Example: reproducing McCracken & Weigel (2014)

Let's try to reproduce figure 8 from McCracken and Weigel (2014)'s paper on PairwiseAsymmetricInference (PAI). We'll start by defining the their example B (equations 6-7). This system consists of two variables $X$ and $Y$, where $X$ drives $Y$.

After we have computed the PAI in both directions, we define a measure of directionality as the difference between PAI in the $X \to Y$ direction and in the $Y \to X$ direction, so that if $X$ drives $Y$, then $\Delta < 0$.

using Associations
using LabelledArrays
using StaticArrays
using DynamicalSystemsBase
using StateSpaceSets
using CairoMakie, Printf
using Distributions: Normal
using Statistics: mean, std

function eom_nonlinear_sindriver(dx, x, p, n)
    a, b, c, t, Δt = (p...,)
    x, y = x[1], x[2]
    𝒩 = Normal(0, 1)

    dx[1] = sin(t)
    dx[2] = a*x * (1 - b*x) + c* rand(𝒩)
    p[end-1] += 1 # update t

    return
end

function nonlinear_sindriver(;u₀ = rand(2), a = 1.0, b = 1.0, c = 2.0, Δt = 1)
    DiscreteDynamicalSystem(eom_nonlinear_sindriver, u₀, [a, b, c, 0, Δt])
end

function reproduce_figure_8_mccraken(;
        c = 2.0, Δt = 0.2,
        as = 0.5:0.5:5.0,
        bs = 0.5:0.5:5.0)
    # -----------------------------------------------------------------------------------------
    # Generate many time series for many different values of the parameters `a` and `b`,
    # and compute PAI. This will replicate the upper right panel of
    # figure 8 in McCracken & Weigel (2014).
    # -----------------------------------------------------------------------------------------

    measure = PairwiseAsymmetricInference(d = 3)

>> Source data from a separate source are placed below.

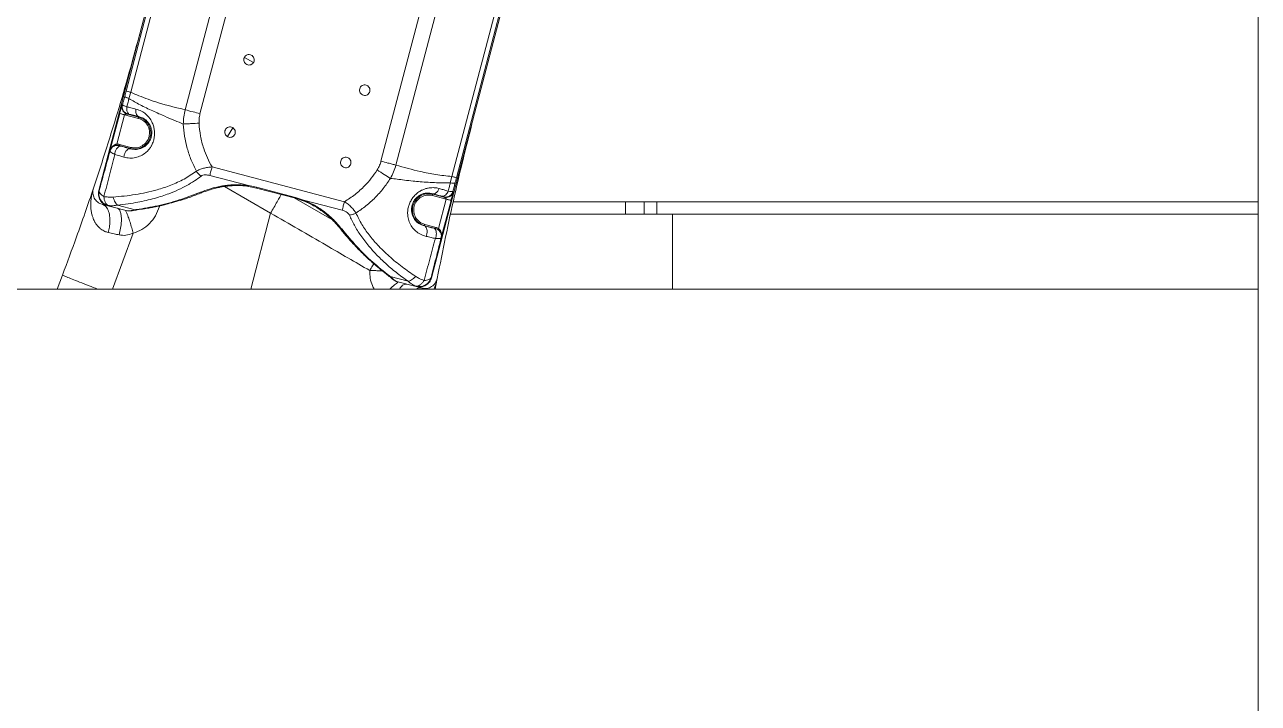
# Model space of a CAD drawing. Header units: millimetres. Extents: x 169 to 14583, y -399 to 10804.
# Drawn here: x 2082.8 to 2577.8, y 2200 to 2472.2 of the extents above; entities that cross this region are included whole.
import ezdxf

# ---------------------------------------------------------------- set-up
doc = ezdxf.new("R2010")
doc.units = ezdxf.units.MM
doc.header["$LTSCALE"] = 35

msp = doc.modelspace()

# ---------------------------------------------------------------- linework, layer by layer
at = {"color": 7, "linetype": 'Continuous', "lineweight": 18}
for p, q in [((2577.772, 2366.159), (2577.772, 3236.159)), ((2153.612, 2562.413), (2129.8, 2471.608)), ((2263.287, 2436.604), (2287.099, 2527.409)), ((2145.426, 2521.805), (2125.315, 2445.111)), ((2167.896, 2517.218), (2147.144, 2438.082)), ((2173.872, 2515.651), (2153.12, 2436.515)), ((2225.747, 2417.47), (2246.499, 2496.606)), ((2231.723, 2415.903), (2252.475, 2495.039)), ((2254.193, 2411.316), (2274.304, 2488.01)), ((2112.52, 2405.712), (2129.8, 2471.608)), ((2174.525, 2456.998), (2170.939, 2459.044)), ((2125.315, 2445.111), (2124.61, 2442.57)), ((2120.895, 2436.611), (2116.973, 2421.655)), ((2122.829, 2436.104), (2119.736, 2424.31)), ((2122.003, 2440.072), (2121.844, 2439.979)), ((2122.829, 2436.104), (2128.379, 2434.648)), ((2124.144, 2436.41), (2123.984, 2436.317)), ((2123.984, 2436.317), (2128.506, 2435.132)), ((2263.287, 2436.604), (2246.007, 2370.708)), ((2128.569, 2435.374), (2128.506, 2435.132)), ((2166.248, 2430.891), (2164.203, 2427.305)), ((2116.973, 2421.655), (2117.016, 2421.582)), ((2118.626, 2423.531), (2119.068, 2423.697)), ((2119.068, 2423.697), (2119.483, 2423.765)), ((2119.483, 2423.765), (2119.763, 2423.811)), ((2120.685, 2423.717), (2125.202, 2422.532)), ((2125.328, 2423.016), (2120.812, 2424.2)), ((2125.202, 2422.532), (2125.173, 2422.424)), ((2157.04, 2411.721), (2172.563, 2407.651)), ((2211.065, 2401.219), (2157.939, 2415.15)), ((2253.56, 2408.756), (2254.193, 2411.316)), ((2112.619, 2405.686), (2112.52, 2405.712)), ((2112.673, 2405.757), (2112.589, 2404.444)), ((2162.983, 2407.323), (2181.47, 2396.622)), ((2175.84, 2407.037), (2172.563, 2407.651)), ((2172.592, 2407.348), (2175.754, 2406.709)), ((2175.754, 2406.709), (2191.4, 2402.607)), ((2191.486, 2402.934), (2175.84, 2407.037)), ((2190.863, 2402.748), (2205.991, 2394.137)), ((2191.381, 2402.612), (2194.468, 2401.611)), ((2194.643, 2401.861), (2191.486, 2402.934)), ((2194.643, 2401.861), (2210.166, 2397.79)), ((2251.939, 2402.247), (2246.389, 2403.703)), ((2246.516, 2404.186), (2246.579, 2404.428)), ((2251.037, 2403.001), (2246.516, 2404.186)), ((2248.846, 2390.454), (2251.939, 2402.247)), ((2249.951, 2386.785), (2253.873, 2401.74)), ((2251.037, 2403.001), (2250.944, 2403.16)), ((2254.698, 2405.141), (2254.605, 2405.3)), ((2323.858, 2401.159), (2254.721, 2401.159)), ((2323.858, 2396.159), (2323.858, 2401.159)), ((2323.858, 2401.159), (2331.358, 2401.159)), ((2331.358, 2401.159), (2331.358, 2396.159)), ((2331.358, 2401.159), (2336.358, 2401.159)), ((2336.358, 2401.159), (2336.358, 2396.159)), ((2336.358, 2401.159), (2577.772, 2401.159)), ((2116.09, 2399.606), (2113.853, 2400.193)), ((2115.348, 2399.883), (2116.234, 2399.571)), ((2116.186, 2399.581), (2116.09, 2399.606)), ((2116.25, 2399.692), (2116.186, 2399.581)), ((2116.186, 2399.581), (2124.06, 2397.516)), ((2120.021, 2399.853), (2127.146, 2397.984)), ((2127.53, 2397.884), (2127.924, 2397.944)), ((2136.807, 2399.336), (2136.403, 2399.442)), ((2136.807, 2399.336), (2136.862, 2399.544)), ((2173.481, 2366.159), (2181.47, 2396.622)), ((2323.858, 2396.159), (2253.678, 2396.159)), ((2331.358, 2396.159), (2323.858, 2396.159)), ((2336.358, 2396.159), (2331.358, 2396.159)), ((2336.358, 2396.159), (2342.772, 2396.159)), ((2342.772, 2366.159), (2342.772, 2396.159)), ((2342.772, 2396.159), (2577.772, 2396.159)), ((2243.212, 2391.587), (2243.183, 2391.478)), ((2247.728, 2390.402), (2243.212, 2391.587)), ((2247.855, 2390.886), (2243.339, 2392.07)), ((2126.299, 2388.588), (2118.023, 2366.159)), ((2248.799, 2389.855), (2248.579, 2390.032)), ((2249.128, 2389.592), (2248.799, 2389.855)), ((2249.128, 2389.592), (2249.431, 2389.231)), ((2249.878, 2386.742), (2249.951, 2386.785)), ((2097.949, 2371.785), (2095.76, 2366.159)), ((2228.774, 2371.498), (2229.087, 2371.253)), ((2229.471, 2371.152), (2236.597, 2369.283)), ((1677.772, 2366.159), (2577.772, 2366.159)), ((2231.931, 2369.23), (2239.805, 2367.165)), ((2239.805, 2367.18), (2239.804, 2367.293)), ((2239.805, 2367.165), (2239.805, 2367.18)), ((2239.805, 2367.171), (2240.684, 2367.017)), ((2239.901, 2367.14), (2239.805, 2367.165)), ((2242.138, 2366.553), (2239.901, 2367.14)), ((2245.301, 2369.586), (2245.897, 2370.822)), ((2246.007, 2370.708), (2245.908, 2370.734)), ((2247.535, 2366.159), (2248.318, 2370.452)), ((2577.772, 2366.159), (2577.772, 1986.159))]:
    msp.add_line(p, q, dxfattribs=at)
at = {"color": 7, "linetype": 'Continuous', "lineweight": 18, "flags": 128}
for points in [[(2143.58, 2522.29), (2132.317, 2479.341), (2123.468, 2445.595)], [(2256.04, 2410.832), (2267.302, 2453.78), (2276.151, 2487.526)]]:
    msp.add_lwpolyline(points, dxfattribs=at)
at = {"color": 7, "linetype": 'Continuous', "lineweight": 18}
for points in [[(2129.8, 2471.608), (2126.839, 2460.695), (2120.918, 2438.868), (2113.894, 2417.371), (2110.381, 2406.623)], [(2248.318, 2370.452), (2250.532, 2381.541), (2254.961, 2403.718), (2260.512, 2425.642), (2263.287, 2436.604)], [(2128.506, 2435.132), (2129.305, 2434.821), (2130.905, 2434.199), (2132.62, 2432.192), (2133.475, 2429.743), (2133.317, 2427.137), (2132.176, 2424.79), (2130.229, 2423.075), (2127.75, 2422.168), (2126.051, 2422.411), (2125.202, 2422.532)], [(2128.379, 2434.648), (2129.115, 2434.359), (2130.587, 2433.78), (2132.182, 2431.937), (2132.956, 2429.671), (2132.826, 2427.266), (2131.759, 2425.106), (2129.972, 2423.512), (2127.679, 2422.689), (2126.112, 2422.907), (2125.328, 2423.016)], [(2128.506, 2435.132), (2128.503, 2435.123), (2128.499, 2435.106), (2128.469, 2434.993), (2128.428, 2434.835), (2128.395, 2434.711), (2128.379, 2434.648)], [(2146.433, 2432.375), (2146.567, 2430.73), (2146.837, 2427.44), (2147.932, 2422.603), (2149.479, 2417.891), (2150.939, 2414.93), (2151.669, 2413.449)], [(2125.328, 2423.016), (2125.312, 2422.953), (2125.279, 2422.829), (2125.238, 2422.671), (2125.208, 2422.558), (2125.204, 2422.541), (2125.202, 2422.532)], [(2229.543, 2410.582), (2228.736, 2411.091), (2227.121, 2412.111), (2225.181, 2413.336), (2224.211, 2413.948)], [(2215.693, 2396.66), (2217.056, 2397.592), (2219.781, 2399.456), (2223.441, 2402.802), (2226.769, 2406.48), (2228.618, 2409.214), (2229.543, 2410.582)], [(2246.516, 2404.186), (2245.666, 2404.308), (2243.968, 2404.551), (2241.489, 2403.644), (2239.541, 2401.929), (2238.4, 2399.581), (2238.243, 2396.976), (2239.098, 2394.526), (2240.813, 2392.519), (2242.412, 2391.898), (2243.212, 2391.587)], [(2246.389, 2403.703), (2246.405, 2403.765), (2246.438, 2403.89), (2246.479, 2404.048), (2246.509, 2404.16), (2246.513, 2404.178), (2246.516, 2404.186)]]:
    msp.add_open_spline(points, degree=3, dxfattribs=at)
for points, knots in [([(2174.821, 2457.606), (2174.86, 2457.88), (2174.939, 2458.428), (2174.646, 2459.227), (2174.093, 2459.855), (2173.336, 2460.223), (2172.496, 2460.274), (2171.706, 2459.998), (2171.059, 2459.445), (2170.859, 2458.929), (2170.758, 2458.671)], [0, 0, 0, 0, 0.125, 0.25, 0.375, 0.5, 0.625, 0.75, 0.875, 1, 1, 1, 1]), ([(2170.758, 2458.671), (2170.719, 2458.398), (2170.641, 2457.85), (2170.933, 2457.05), (2171.486, 2456.423), (2172.243, 2456.055), (2173.083, 2456.004), (2173.873, 2456.279), (2174.52, 2456.832), (2174.721, 2457.348), (2174.821, 2457.606)], [0, 0, 0, 0, 0.125, 0.25, 0.375, 0.5, 0.625, 0.75, 0.875, 1, 1, 1, 1]), ([(2123.468, 2445.595), (2123.363, 2445.197), (2123.177, 2444.485), (2122.989, 2443.777), (2122.906, 2443.466)], [0, 0, 0, 0, 0.560097, 1, 1, 1, 1]), ([(2123.468, 2445.595), (2123.595, 2445.562), (2123.822, 2445.503), (2124.858, 2445.231), (2125.315, 2445.111)], [0, 0, 0, 0, 0.5590455, 1, 1, 1, 1]), ([(2217.189, 2446.496), (2217.149, 2446.222), (2217.071, 2445.674), (2217.363, 2444.875), (2217.916, 2444.247), (2218.673, 2443.879), (2219.513, 2443.828), (2220.303, 2444.104), (2220.95, 2444.657), (2221.151, 2445.173), (2221.251, 2445.431)], [0, 0, 0, 0, 0.125, 0.25, 0.375, 0.5, 0.625, 0.75, 0.875, 1, 1, 1, 1]), ([(2221.251, 2445.431), (2221.29, 2445.705), (2221.369, 2446.252), (2221.076, 2447.052), (2220.523, 2447.68), (2219.766, 2448.048), (2218.926, 2448.098), (2218.136, 2447.823), (2217.489, 2447.27), (2217.289, 2446.754), (2217.189, 2446.496)], [0, 0, 0, 0, 0.125, 0.25, 0.375, 0.5, 0.625, 0.75, 0.875, 1, 1, 1, 1]), ([(2122.906, 2443.466), (2122.738, 2442.831), (2122.437, 2441.697), (2122.136, 2440.569), (2122.003, 2440.072)], [0, 0, 0, 0, 0.5599172, 1, 1, 1, 1]), ([(2122.906, 2443.466), (2123.007, 2443.343), (2123.187, 2443.122), (2124.175, 2442.738), (2124.61, 2442.57)], [0, 0, 0, 0, 0.5597701, 1, 1, 1, 1]), ([(2124.61, 2442.57), (2124.452, 2441.957), (2124.169, 2440.861), (2123.888, 2439.768), (2123.764, 2439.287)], [0, 0, 0, 0, 0.5591234, 1, 1, 1, 1]), ([(2124.61, 2442.57), (2126.088, 2441.735), (2129.216, 2439.968), (2134.017, 2437.654), (2138.687, 2435.568), (2142.788, 2433.847), (2145.299, 2432.833), (2146.433, 2432.375)], [0, 0, 0, 0, 0.21090854, 0.44648125, 0.66443042, 0.8484496, 1, 1, 1, 1]), ([(2125.315, 2445.111), (2126.39, 2444.64), (2128.688, 2443.632), (2132.404, 2442.24), (2138.549, 2440.163), (2143.557, 2438.95), (2147.144, 2438.082)], [0, 0, 0, 0, 0.1527825, 0.3265192, 0.5177039, 1, 1, 1, 1]), ([(2121.282, 2438.061), (2121.224, 2437.849), (2121.097, 2437.38), (2120.966, 2436.883), (2120.895, 2436.611)], [0, 0, 0, 0, 0.452388, 1, 1, 1, 1]), ([(2120.895, 2436.611), (2120.935, 2436.6), (2121.019, 2436.578), (2121.544, 2436.44), (2122.186, 2436.272), (2122.62, 2436.158), (2122.829, 2436.104)], [0, 0, 0, 0, 0.2716451, 0.5636699, 0.7902873, 1, 1, 1, 1]), ([(2121.284, 2438.06), (2121.23, 2437.858), (2121.098, 2437.365), (2120.985, 2436.87), (2120.919, 2436.578)], [0, 0, 0, 0, 0.40964101, 1, 1, 1, 1]), ([(2121.844, 2439.979), (2121.826, 2439.938), (2121.791, 2439.858), (2121.624, 2439.299), (2121.448, 2438.679), (2121.312, 2438.172), (2121.282, 2438.061)], [0, 0, 0, 0, 0.2527951, 0.4865336, 0.8876917, 1, 1, 1, 1]), ([(2121.844, 2439.979), (2121.788, 2439.539), (2121.674, 2438.659), (2122.201, 2437.502), (2123.008, 2436.682), (2123.659, 2436.439), (2123.984, 2436.317)], [0, 0, 0, 0, 0.2796193, 0.5592386, 0.7796193, 1, 1, 1, 1]), ([(2122.003, 2440.072), (2121.947, 2439.648), (2121.83, 2438.764), (2122.359, 2437.586), (2123.186, 2436.764), (2123.833, 2436.525), (2124.144, 2436.41)], [0, 0, 0, 0, 0.27027, 0.5624271, 0.7897277, 1, 1, 1, 1]), ([(2123.764, 2439.287), (2123.323, 2439.443), (2122.621, 2439.69), (2122.1, 2439.942), (2122.036, 2440.027), (2122.003, 2440.072)], [0, 0, 0, 0, 0.4452089, 0.7091673, 1, 1, 1, 1]), ([(2122.567, 2419.107), (2123.36, 2418.936), (2124.93, 2418.596), (2127.244, 2418.835), (2129.396, 2419.556), (2131.11, 2420.644), (2132.352, 2421.836), (2133.163, 2422.883), (2133.876, 2424.088), (2134.351, 2425.235), (2134.648, 2426.362), (2134.847, 2427.427), (2134.909, 2428.534), (2134.849, 2429.627), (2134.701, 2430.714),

    # Manually resample `nreps` length-`L` time series and use mean ρ(x̂|X̄y) - ρ(ŷ|Ȳx)
    # for each parameter combination.
    nreps = 50
    L = 200 # length of timeseries
    Δ = zeros(length(as), length(bs))
    for (i, a) in enumerate(as)
        for (j, b) in enumerate(bs)
            s = nonlinear_sindriver(; a, b, c,  Δt)
            x, y = columns(first(trajectory(s, 1000, Ttr = 10000)))
            Δreps = zeros(nreps)
            for i = 1:nreps
                # Ensure we're subsampling at the same time indices.
                ind_start = rand(1:(1000-L))
                r = ind_start:(ind_start + L)
                Δreps[i] = @views crossmap(measure, y[r], x[r]) -
                    crossmap(measure, x[r], y[r])
            end
            Δ[i, j] = mean(Δreps)
        end
    end

    # -----------------------------------------------------------------------------------------
    # An example time series for plotting.
    # -----------------------------------------------------------------------------------------
    sys = nonlinear_sindriver(; a = 1.0, b = 1.0, c, Δt)
    npts = 500
    orbit = first(trajectory(sys, npts, Ttr = 10000))
    x, y = columns(orbit)
    with_theme(theme_minimal(),
        markersize = 5) do

        X = x[1:300]
        Y = y[1:300]
        fig = Figure();
        ax_ts = Axis(fig[1, 1:2], xlabel = "Time (t)", ylabel = "Value")
        scatterlines!(ax_ts, (X .- mean(X)) ./ std(X), label = "x")
        scatterlines!(ax_ts, (Y .- mean(Y)) ./ std(Y), label = "y")
        axislegend()

        ax_hm = Axis(fig[2, 1:2], xlabel = "a", ylabel = "b")
        ax_hm.yticks = (1:length(as), string.([i % 2 == 0 ? as[i] : "" for i = 1:length(as)]))
        ax_hm.xticks = (1:length(bs), string.([i % 2 == 0 ? bs[i] : "" for i = 1:length(bs)]))
        hm = heatmap!(ax_hm, Δ,  colormap = :viridis)
        Colorbar(fig[2, 3], hm; label = "Δ' = ρ(ŷ | yx) - ρ(x̂ | xy)")
        fig
    end
end

reproduce_figure_8_mccraken()

We haven't used as many parameter combinations as McCracken and Weigel (2014) did, but we get a figure that looks roughly similar to theirs.

As expected, $\Delta < 0$ for all parameter combinations, implying that $X$ "PAI drives" $Y$.